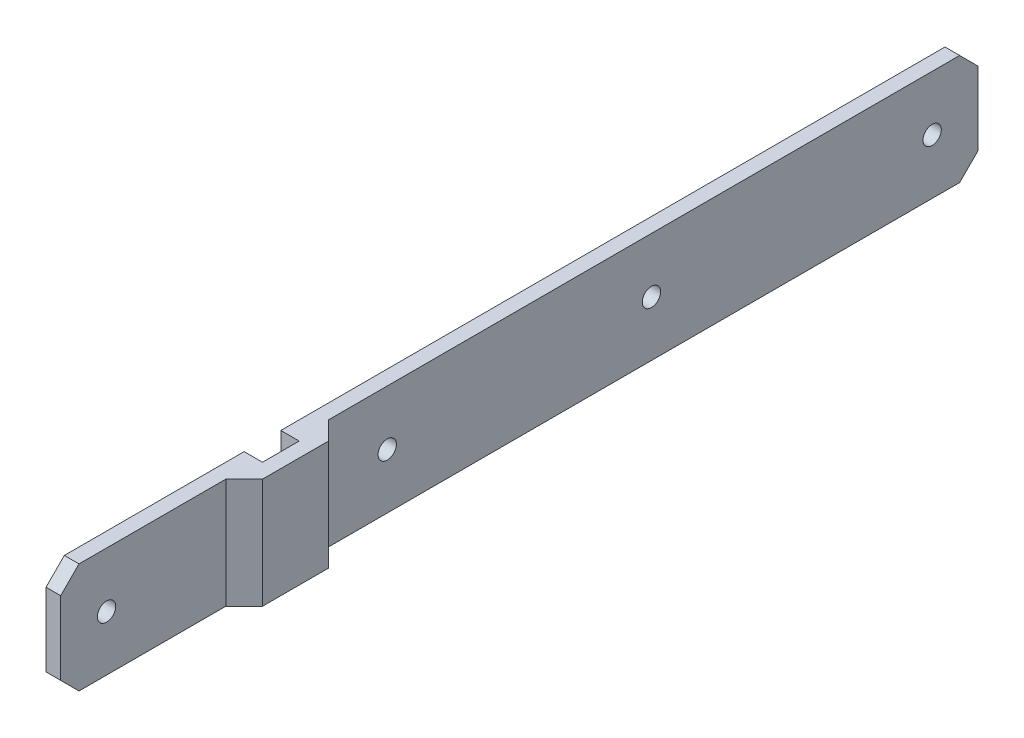
ISO-10303-21;
HEADER;
FILE_DESCRIPTION(('STEP AP214'),'2;1');
FILE_NAME('part.step','',(''),(''),'','','');
FILE_SCHEMA(('AUTOMOTIVE_DESIGN { 1 0 10303 214 1 1 1 1 }'));
ENDSEC;
DATA;
#1=APPLICATION_CONTEXT('core data for automotive mechanical design processes');
#2=APPLICATION_PROTOCOL_DEFINITION('international standard','automotive_design',2000,#1);
#3=PRODUCT_CONTEXT('',#1,'mechanical');
#4=PRODUCT('Part','Part','',(#3));
#5=PRODUCT_RELATED_PRODUCT_CATEGORY('part','',(#4));
#6=PRODUCT_DEFINITION_FORMATION('','',#4);
#7=PRODUCT_DEFINITION_CONTEXT('part definition',#1,'design');
#8=PRODUCT_DEFINITION('design','',#6,#7);
#9=PRODUCT_DEFINITION_SHAPE('','',#8);
#10=(LENGTH_UNIT() NAMED_UNIT(*) SI_UNIT(.MILLI.,.METRE.));
#11=(NAMED_UNIT(*) PLANE_ANGLE_UNIT() SI_UNIT($,.RADIAN.));
#12=(NAMED_UNIT(*) SI_UNIT($,.STERADIAN.) SOLID_ANGLE_UNIT());
#13=UNCERTAINTY_MEASURE_WITH_UNIT(LENGTH_MEASURE(1.E-05),#10,'distance_accuracy_value','');
#14=(GEOMETRIC_REPRESENTATION_CONTEXT(3) GLOBAL_UNCERTAINTY_ASSIGNED_CONTEXT((#13)) GLOBAL_UNIT_ASSIGNED_CONTEXT((#10,
#11,#12)) REPRESENTATION_CONTEXT('',''));
#15=CARTESIAN_POINT('',(0.,0.,0.));
#16=DIRECTION('',(0.,0.,1.));
#17=DIRECTION('',(1.,0.,0.));
#18=AXIS2_PLACEMENT_3D('',#15,#16,#17);
#19=CARTESIAN_POINT('',(5.,15.,0.));
#20=DIRECTION('',(0.,0.,-1.));
#21=DIRECTION('',(-1.,0.,0.));
#22=AXIS2_PLACEMENT_3D('',#19,#20,#21);
#23=PLANE('',#22);
#24=DIRECTION('',(1.,0.,0.));
#25=VECTOR('',#24,1.);
#26=CARTESIAN_POINT('',(5.,-15.,0.));
#27=LINE('',#26,#25);
#28=CARTESIAN_POINT('',(0.,-15.,0.));
#29=VERTEX_POINT('',#28);
#30=CARTESIAN_POINT('',(5.,-15.,0.));
#31=VERTEX_POINT('',#30);
#32=EDGE_CURVE('E184',#29,#31,#27,.T.);
#33=ORIENTED_EDGE('',*,*,#32,.T.);
#34=DIRECTION('',(0.,-1.,0.));
#35=VECTOR('',#34,1.);
#36=CARTESIAN_POINT('',(5.,15.,0.));
#37=LINE('',#36,#35);
#38=CARTESIAN_POINT('',(5.,15.,0.));
#39=VERTEX_POINT('',#38);
#40=EDGE_CURVE('E161',#39,#31,#37,.T.);
#41=ORIENTED_EDGE('',*,*,#40,.F.);
#42=DIRECTION('',(1.,0.,0.));
#43=VECTOR('',#42,1.);
#44=CARTESIAN_POINT('',(5.,15.,0.));
#45=LINE('',#44,#43);
#46=CARTESIAN_POINT('',(0.,15.,0.));
#47=VERTEX_POINT('',#46);
#48=EDGE_CURVE('E169',#47,#39,#45,.T.);
#49=ORIENTED_EDGE('',*,*,#48,.F.);
#50=DIRECTION('',(0.,-1.,0.));
#51=VECTOR('',#50,1.);
#52=CARTESIAN_POINT('',(0.,15.,0.));
#53=LINE('',#52,#51);
#54=EDGE_CURVE('E304',#47,#29,#53,.T.);
#55=ORIENTED_EDGE('',*,*,#54,.T.);
#56=EDGE_LOOP('',(#33,#41,#49,#55));
#57=FACE_BOUND('',#56,.T.);
#58=ADVANCED_FACE('F41',(#57),#23,.F.);
#59=CARTESIAN_POINT('',(5.,15.,10.));
#60=DIRECTION('',(1.,0.,0.));
#61=DIRECTION('',(0.,0.,-1.));
#62=AXIS2_PLACEMENT_3D('',#59,#60,#61);
#63=PLANE('',#62);
#64=DIRECTION('',(0.,0.,1.));
#65=VECTOR('',#64,1.);
#66=CARTESIAN_POINT('',(5.,-15.,10.));
#67=LINE('',#66,#65);
#68=CARTESIAN_POINT('',(5.,-15.,10.));
#69=VERTEX_POINT('',#68);
#70=EDGE_CURVE('E307',#31,#69,#67,.T.);
#71=ORIENTED_EDGE('',*,*,#70,.T.);
#72=DIRECTION('',(0.,-1.,0.));
#73=VECTOR('',#72,1.);
#74=CARTESIAN_POINT('',(5.,15.,10.));
#75=LINE('',#74,#73);
#76=CARTESIAN_POINT('',(5.,15.,10.));
#77=VERTEX_POINT('',#76);
#78=EDGE_CURVE('E164',#77,#69,#75,.T.);
#79=ORIENTED_EDGE('',*,*,#78,.F.);
#80=DIRECTION('',(0.,0.,1.));
#81=VECTOR('',#80,1.);
#82=CARTESIAN_POINT('',(5.,15.,10.));
#83=LINE('',#82,#81);
#84=EDGE_CURVE('E157',#39,#77,#83,.T.);
#85=ORIENTED_EDGE('',*,*,#84,.F.);
#86=ORIENTED_EDGE('',*,*,#40,.T.);
#87=EDGE_LOOP('',(#71,#79,#85,#86));
#88=FACE_BOUND('',#87,.T.);
#89=ADVANCED_FACE('F159',(#88),#63,.F.);
#90=CARTESIAN_POINT('',(0.,15.,10.));
#91=DIRECTION('',(0.,0.,1.));
#92=DIRECTION('',(1.,0.,0.));
#93=AXIS2_PLACEMENT_3D('',#90,#91,#92);
#94=PLANE('',#93);
#95=DIRECTION('',(-1.,0.,0.));
#96=VECTOR('',#95,1.);
#97=CARTESIAN_POINT('',(0.,-15.,10.));
#98=LINE('',#97,#96);
#99=CARTESIAN_POINT('',(0.,-15.,10.));
#100=VERTEX_POINT('',#99);
#101=EDGE_CURVE('E310',#69,#100,#98,.T.);
#102=ORIENTED_EDGE('',*,*,#101,.T.);
#103=DIRECTION('',(0.,-1.,0.));
#104=VECTOR('',#103,1.);
#105=CARTESIAN_POINT('',(0.,15.,10.));
#106=LINE('',#105,#104);
#107=CARTESIAN_POINT('',(0.,15.,10.));
#108=VERTEX_POINT('',#107);
#109=EDGE_CURVE('E192',#108,#100,#106,.T.);
#110=ORIENTED_EDGE('',*,*,#109,.F.);
#111=DIRECTION('',(-1.,0.,0.));
#112=VECTOR('',#111,1.);
#113=CARTESIAN_POINT('',(0.,15.,10.));
#114=LINE('',#113,#112);
#115=EDGE_CURVE('E168',#77,#108,#114,.T.);
#116=ORIENTED_EDGE('',*,*,#115,.F.);
#117=ORIENTED_EDGE('',*,*,#78,.T.);
#118=EDGE_LOOP('',(#102,#110,#116,#117));
#119=FACE_BOUND('',#118,.T.);
#120=ADVANCED_FACE('F414',(#119),#94,.F.);
#121=CARTESIAN_POINT('',(0.,15.,64.));
#122=DIRECTION('',(1.,0.,0.));
#123=DIRECTION('',(0.,0.,-1.));
#124=AXIS2_PLACEMENT_3D('',#121,#122,#123);
#125=PLANE('',#124);
#126=CARTESIAN_POINT('',(0.,0.,51.5));
#127=DIRECTION('',(1.,0.,0.));
#128=DIRECTION('',(0.,0.,-1.));
#129=AXIS2_PLACEMENT_3D('',#126,#127,#128);
#130=CIRCLE('',#129,2.5);
#131=CARTESIAN_POINT('',(0.,0.,49.));
#132=VERTEX_POINT('',#131);
#133=EDGE_CURVE('E374',#132,#132,#130,.T.);
#134=ORIENTED_EDGE('',*,*,#133,.T.);
#135=EDGE_LOOP('',(#134));
#136=FACE_BOUND('',#135,.T.);
#137=DIRECTION('',(0.,0.,1.));
#138=VECTOR('',#137,1.);
#139=CARTESIAN_POINT('',(0.,-15.,64.));
#140=LINE('',#139,#138);
#141=CARTESIAN_POINT('',(0.,-15.,59.));
#142=VERTEX_POINT('',#141);
#143=EDGE_CURVE('E279',#100,#142,#140,.T.);
#144=ORIENTED_EDGE('',*,*,#143,.T.);
#145=DIRECTION('',(0.,0.707106781186546,0.707106781186549));
#146=VECTOR('',#145,1.);
#147=CARTESIAN_POINT('',(0.,-10.,64.));
#148=LINE('',#147,#146);
#149=CARTESIAN_POINT('',(0.,-10.,64.));
#150=VERTEX_POINT('',#149);
#151=EDGE_CURVE('E58',#142,#150,#148,.T.);
#152=ORIENTED_EDGE('',*,*,#151,.T.);
#153=DIRECTION('',(0.,-1.,0.));
#154=VECTOR('',#153,1.);
#155=CARTESIAN_POINT('',(0.,15.,64.));
#156=LINE('',#155,#154);
#157=CARTESIAN_POINT('',(0.,9.99999999999999,64.));
#158=VERTEX_POINT('',#157);
#159=EDGE_CURVE('E340',#158,#150,#156,.T.);
#160=ORIENTED_EDGE('',*,*,#159,.F.);
#161=DIRECTION('',(0.,-0.707106781186549,0.707106781186546));
#162=VECTOR('',#161,1.);
#163=CARTESIAN_POINT('',(0.,15.,59.));
#164=LINE('',#163,#162);
#165=CARTESIAN_POINT('',(0.,15.,59.));
#166=VERTEX_POINT('',#165);
#167=EDGE_CURVE('E248',#158,#166,#164,.F.);
#168=ORIENTED_EDGE('',*,*,#167,.T.);
#169=DIRECTION('',(0.,0.,1.));
#170=VECTOR('',#169,1.);
#171=CARTESIAN_POINT('',(0.,15.,64.));
#172=LINE('',#171,#170);
#173=EDGE_CURVE('E298',#108,#166,#172,.T.);
#174=ORIENTED_EDGE('',*,*,#173,.F.);
#175=ORIENTED_EDGE('',*,*,#109,.T.);
#176=EDGE_LOOP('',(#144,#152,#160,#168,#174,#175));
#177=FACE_BOUND('',#176,.T.);
#178=ADVANCED_FACE('F347',(#136,#177),#125,.F.);
#179=CARTESIAN_POINT('',(4.00000000000001,15.,64.));
#180=DIRECTION('',(0.,0.,-1.));
#181=DIRECTION('',(-1.,0.,0.));
#182=AXIS2_PLACEMENT_3D('',#179,#180,#181);
#183=PLANE('',#182);
#184=ORIENTED_EDGE('',*,*,#159,.T.);
#185=DIRECTION('',(1.,0.,0.));
#186=VECTOR('',#185,1.);
#187=CARTESIAN_POINT('',(4.00000000000001,-10.,64.));
#188=LINE('',#187,#186);
#189=CARTESIAN_POINT('',(4.00000000000001,-10.,64.));
#190=VERTEX_POINT('',#189);
#191=EDGE_CURVE('E235',#150,#190,#188,.T.);
#192=ORIENTED_EDGE('',*,*,#191,.T.);
#193=DIRECTION('',(0.,-1.,0.));
#194=VECTOR('',#193,1.);
#195=CARTESIAN_POINT('',(4.00000000000001,15.,64.));
#196=LINE('',#195,#194);
#197=CARTESIAN_POINT('',(4.00000000000001,9.99999999999999,64.));
#198=VERTEX_POINT('',#197);
#199=EDGE_CURVE('E337',#198,#190,#196,.T.);
#200=ORIENTED_EDGE('',*,*,#199,.F.);
#201=DIRECTION('',(-1.,0.,0.));
#202=VECTOR('',#201,1.);
#203=CARTESIAN_POINT('',(4.00000000000001,9.99999999999999,64.));
#204=LINE('',#203,#202);
#205=EDGE_CURVE('E65',#198,#158,#204,.T.);
#206=ORIENTED_EDGE('',*,*,#205,.T.);
#207=EDGE_LOOP('',(#184,#192,#200,#206));
#208=FACE_BOUND('',#207,.T.);
#209=ADVANCED_FACE('F354',(#208),#183,.F.);
#210=CARTESIAN_POINT('',(4.,15.,14.));
#211=DIRECTION('',(-1.,0.,0.));
#212=DIRECTION('',(0.,0.,1.));
#213=AXIS2_PLACEMENT_3D('',#210,#211,#212);
#214=PLANE('',#213);
#215=CARTESIAN_POINT('',(4.,0.,51.5));
#216=DIRECTION('',(-1.,0.,0.));
#217=DIRECTION('',(0.,0.,1.));
#218=AXIS2_PLACEMENT_3D('',#215,#216,#217);
#219=CIRCLE('',#218,2.5);
#220=CARTESIAN_POINT('',(4.,0.,54.));
#221=VERTEX_POINT('',#220);
#222=EDGE_CURVE('E196',#221,#221,#219,.F.);
#223=ORIENTED_EDGE('',*,*,#222,.F.);
#224=EDGE_LOOP('',(#223));
#225=FACE_BOUND('',#224,.T.);
#226=ORIENTED_EDGE('',*,*,#199,.T.);
#227=DIRECTION('',(0.,-0.707106781186546,-0.707106781186549));
#228=VECTOR('',#227,1.);
#229=CARTESIAN_POINT('',(4.00000000000001,-10.,64.));
#230=LINE('',#229,#228);
#231=CARTESIAN_POINT('',(4.00000000000001,-15.,59.));
#232=VERTEX_POINT('',#231);
#233=EDGE_CURVE('E245',#190,#232,#230,.T.);
#234=ORIENTED_EDGE('',*,*,#233,.T.);
#235=DIRECTION('',(0.,0.,-1.));
#236=VECTOR('',#235,1.);
#237=CARTESIAN_POINT('',(4.,-15.,14.));
#238=LINE('',#237,#236);
#239=CARTESIAN_POINT('',(4.,-15.,18.9999999999999));
#240=VERTEX_POINT('',#239);
#241=EDGE_CURVE('E265',#232,#240,#238,.T.);
#242=ORIENTED_EDGE('',*,*,#241,.T.);
#243=DIRECTION('',(0.,1.,0.));
#244=VECTOR('',#243,1.);
#245=CARTESIAN_POINT('',(4.,15.,18.9999999999999));
#246=LINE('',#245,#244);
#247=CARTESIAN_POINT('',(4.,15.,18.9999999999999));
#248=VERTEX_POINT('',#247);
#249=EDGE_CURVE('E239',#240,#248,#246,.T.);
#250=ORIENTED_EDGE('',*,*,#249,.T.);
#251=DIRECTION('',(0.,0.,-1.));
#252=VECTOR('',#251,1.);
#253=CARTESIAN_POINT('',(4.,15.,14.));
#254=LINE('',#253,#252);
#255=CARTESIAN_POINT('',(4.00000000000001,15.,59.));
#256=VERTEX_POINT('',#255);
#257=EDGE_CURVE('E286',#256,#248,#254,.T.);
#258=ORIENTED_EDGE('',*,*,#257,.F.);
#259=DIRECTION('',(0.,0.707106781186549,-0.707106781186546));
#260=VECTOR('',#259,1.);
#261=CARTESIAN_POINT('',(4.00000000000001,15.,59.));
#262=LINE('',#261,#260);
#263=EDGE_CURVE('E242',#256,#198,#262,.F.);
#264=ORIENTED_EDGE('',*,*,#263,.T.);
#265=EDGE_LOOP('',(#226,#234,#242,#250,#258,#264));
#266=FACE_BOUND('',#265,.T.);
#267=ADVANCED_FACE('F275',(#225,#266),#214,.F.);
#268=CARTESIAN_POINT('',(9.,15.,-4.));
#269=DIRECTION('',(-1.,0.,0.));
#270=DIRECTION('',(0.,0.,1.));
#271=AXIS2_PLACEMENT_3D('',#268,#269,#270);
#272=PLANE('',#271);
#273=DIRECTION('',(0.,0.,-1.));
#274=VECTOR('',#273,1.);
#275=CARTESIAN_POINT('',(9.,-15.,-4.));
#276=LINE('',#275,#274);
#277=CARTESIAN_POINT('',(9.,-15.,14.));
#278=VERTEX_POINT('',#277);
#279=CARTESIAN_POINT('',(9.,-15.,-4.));
#280=VERTEX_POINT('',#279);
#281=EDGE_CURVE('E268',#278,#280,#276,.T.);
#282=ORIENTED_EDGE('',*,*,#281,.T.);
#283=DIRECTION('',(0.,-1.,0.));
#284=VECTOR('',#283,1.);
#285=CARTESIAN_POINT('',(9.,15.,-4.));
#286=LINE('',#285,#284);
#287=CARTESIAN_POINT('',(9.,15.,-4.));
#288=VERTEX_POINT('',#287);
#289=EDGE_CURVE('E290',#288,#280,#286,.T.);
#290=ORIENTED_EDGE('',*,*,#289,.F.);
#291=DIRECTION('',(0.,0.,-1.));
#292=VECTOR('',#291,1.);
#293=CARTESIAN_POINT('',(9.,15.,-4.));
#294=LINE('',#293,#292);
#295=CARTESIAN_POINT('',(9.,15.,14.));
#296=VERTEX_POINT('',#295);
#297=EDGE_CURVE('E284',#296,#288,#294,.T.);
#298=ORIENTED_EDGE('',*,*,#297,.F.);
#299=DIRECTION('',(0.,-1.,0.));
#300=VECTOR('',#299,1.);
#301=CARTESIAN_POINT('',(9.,15.,14.));
#302=LINE('',#301,#300);
#303=EDGE_CURVE('E282',#296,#278,#302,.T.);
#304=ORIENTED_EDGE('',*,*,#303,.T.);
#305=EDGE_LOOP('',(#282,#290,#298,#304));
#306=FACE_BOUND('',#305,.T.);
#307=ADVANCED_FACE('F288',(#306),#272,.F.);
#308=CARTESIAN_POINT('',(3.99999999999999,15.,-186.));
#309=DIRECTION('',(-1.,0.,0.));
#310=DIRECTION('',(0.,0.,1.));
#311=AXIS2_PLACEMENT_3D('',#308,#309,#310);
#312=PLANE('',#311);
#313=CARTESIAN_POINT('',(4.,0.,-25.));
#314=DIRECTION('',(-1.,0.,0.));
#315=DIRECTION('',(0.,0.,1.));
#316=AXIS2_PLACEMENT_3D('',#313,#314,#315);
#317=CIRCLE('',#316,2.5);
#318=CARTESIAN_POINT('',(4.,0.,-22.5));
#319=VERTEX_POINT('',#318);
#320=EDGE_CURVE('E199',#319,#319,#317,.F.);
#321=ORIENTED_EDGE('',*,*,#320,.F.);
#322=EDGE_LOOP('',(#321));
#323=FACE_BOUND('',#322,.T.);
#324=CARTESIAN_POINT('',(4.,0.,-97.));
#325=DIRECTION('',(-1.,0.,0.));
#326=DIRECTION('',(0.,0.,1.));
#327=AXIS2_PLACEMENT_3D('',#324,#325,#326);
#328=CIRCLE('',#327,2.5);
#329=CARTESIAN_POINT('',(4.,0.,-94.5));
#330=VERTEX_POINT('',#329);
#331=EDGE_CURVE('E366',#330,#330,#328,.F.);
#332=ORIENTED_EDGE('',*,*,#331,.F.);
#333=EDGE_LOOP('',(#332));
#334=FACE_BOUND('',#333,.T.);
#335=CARTESIAN_POINT('',(3.99999999999999,0.,-173.5));
#336=DIRECTION('',(-1.,0.,0.));
#337=DIRECTION('',(0.,0.,1.));
#338=AXIS2_PLACEMENT_3D('',#335,#336,#337);
#339=CIRCLE('',#338,2.5);
#340=CARTESIAN_POINT('',(3.99999999999999,0.,-171.));
#341=VERTEX_POINT('',#340);
#342=EDGE_CURVE('E370',#341,#341,#339,.F.);
#343=ORIENTED_EDGE('',*,*,#342,.F.);
#344=EDGE_LOOP('',(#343));
#345=FACE_BOUND('',#344,.T.);
#346=DIRECTION('',(0.,0.,-1.));
#347=VECTOR('',#346,1.);
#348=CARTESIAN_POINT('',(3.99999999999999,-15.,-186.));
#349=LINE('',#348,#347);
#350=CARTESIAN_POINT('',(4.00000000000001,-15.,-8.99999999999998));
#351=VERTEX_POINT('',#350);
#352=CARTESIAN_POINT('',(3.99999999999999,-15.,-181.));
#353=VERTEX_POINT('',#352);
#354=EDGE_CURVE('E317',#351,#353,#349,.T.);
#355=ORIENTED_EDGE('',*,*,#354,.T.);
#356=DIRECTION('',(0.,0.707106781186546,-0.707106781186549));
#357=VECTOR('',#356,1.);
#358=CARTESIAN_POINT('',(3.99999999999999,-10.,-186.));
#359=LINE('',#358,#357);
#360=CARTESIAN_POINT('',(3.99999999999999,-10.,-186.));
#361=VERTEX_POINT('',#360);
#362=EDGE_CURVE('E223',#353,#361,#359,.T.);
#363=ORIENTED_EDGE('',*,*,#362,.T.);
#364=DIRECTION('',(0.,-1.,0.));
#365=VECTOR('',#364,1.);
#366=CARTESIAN_POINT('',(3.99999999999999,15.,-186.));
#367=LINE('',#366,#365);
#368=CARTESIAN_POINT('',(3.99999999999999,9.99999999999999,-186.));
#369=VERTEX_POINT('',#368);
#370=EDGE_CURVE('E329',#369,#361,#367,.T.);
#371=ORIENTED_EDGE('',*,*,#370,.F.);
#372=DIRECTION('',(0.,-0.707106781186551,-0.707106781186544));
#373=VECTOR('',#372,1.);
#374=CARTESIAN_POINT('',(3.99999999999999,15.,-181.));
#375=LINE('',#374,#373);
#376=CARTESIAN_POINT('',(3.99999999999999,15.,-181.));
#377=VERTEX_POINT('',#376);
#378=EDGE_CURVE('E220',#369,#377,#375,.F.);
#379=ORIENTED_EDGE('',*,*,#378,.T.);
#380=DIRECTION('',(0.,0.,-1.));
#381=VECTOR('',#380,1.);
#382=CARTESIAN_POINT('',(3.99999999999999,15.,-186.));
#383=LINE('',#382,#381);
#384=CARTESIAN_POINT('',(4.00000000000001,15.,-8.99999999999998));
#385=VERTEX_POINT('',#384);
#386=EDGE_CURVE('E293',#385,#377,#383,.T.);
#387=ORIENTED_EDGE('',*,*,#386,.F.);
#388=DIRECTION('',(0.,-1.,0.));
#389=VECTOR('',#388,1.);
#390=CARTESIAN_POINT('',(4.00000000000001,-15.,-8.99999999999998));
#391=LINE('',#390,#389);
#392=EDGE_CURVE('E216',#385,#351,#391,.T.);
#393=ORIENTED_EDGE('',*,*,#392,.T.);
#394=EDGE_LOOP('',(#355,#363,#371,#379,#387,#393));
#395=FACE_BOUND('',#394,.T.);
#396=ADVANCED_FACE('F406',(#323,#334,#345,#395),#312,.F.);
#397=CARTESIAN_POINT('',(0.,15.,-186.));
#398=DIRECTION('',(0.,0.,1.));
#399=DIRECTION('',(1.,0.,0.));
#400=AXIS2_PLACEMENT_3D('',#397,#398,#399);
#401=PLANE('',#400);
#402=ORIENTED_EDGE('',*,*,#370,.T.);
#403=DIRECTION('',(-1.,0.,0.));
#404=VECTOR('',#403,1.);
#405=CARTESIAN_POINT('',(0.,-10.,-186.));
#406=LINE('',#405,#404);
#407=CARTESIAN_POINT('',(0.,-10.,-186.));
#408=VERTEX_POINT('',#407);
#409=EDGE_CURVE('E190',#361,#408,#406,.T.);
#410=ORIENTED_EDGE('',*,*,#409,.T.);
#411=DIRECTION('',(0.,-1.,0.));
#412=VECTOR('',#411,1.);
#413=CARTESIAN_POINT('',(0.,15.,-186.));
#414=LINE('',#413,#412);
#415=CARTESIAN_POINT('',(0.,9.99999999999999,-186.));
#416=VERTEX_POINT('',#415);
#417=EDGE_CURVE('E325',#416,#408,#414,.T.);
#418=ORIENTED_EDGE('',*,*,#417,.F.);
#419=DIRECTION('',(1.,0.,0.));
#420=VECTOR('',#419,1.);
#421=CARTESIAN_POINT('',(0.,9.99999999999999,-186.));
#422=LINE('',#421,#420);
#423=EDGE_CURVE('E186',#416,#369,#422,.T.);
#424=ORIENTED_EDGE('',*,*,#423,.T.);
#425=EDGE_LOOP('',(#402,#410,#418,#424));
#426=FACE_BOUND('',#425,.T.);
#427=ADVANCED_FACE('F492',(#426),#401,.F.);
#428=CARTESIAN_POINT('',(0.,15.,0.));
#429=DIRECTION('',(1.,0.,0.));
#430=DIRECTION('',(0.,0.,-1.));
************
**PROBLEM DESCRIPTION:** Within the material above, report how many lines carry the word "mechanical", and nothing else.

**SOLUTION TO THE EXERCISE:** 2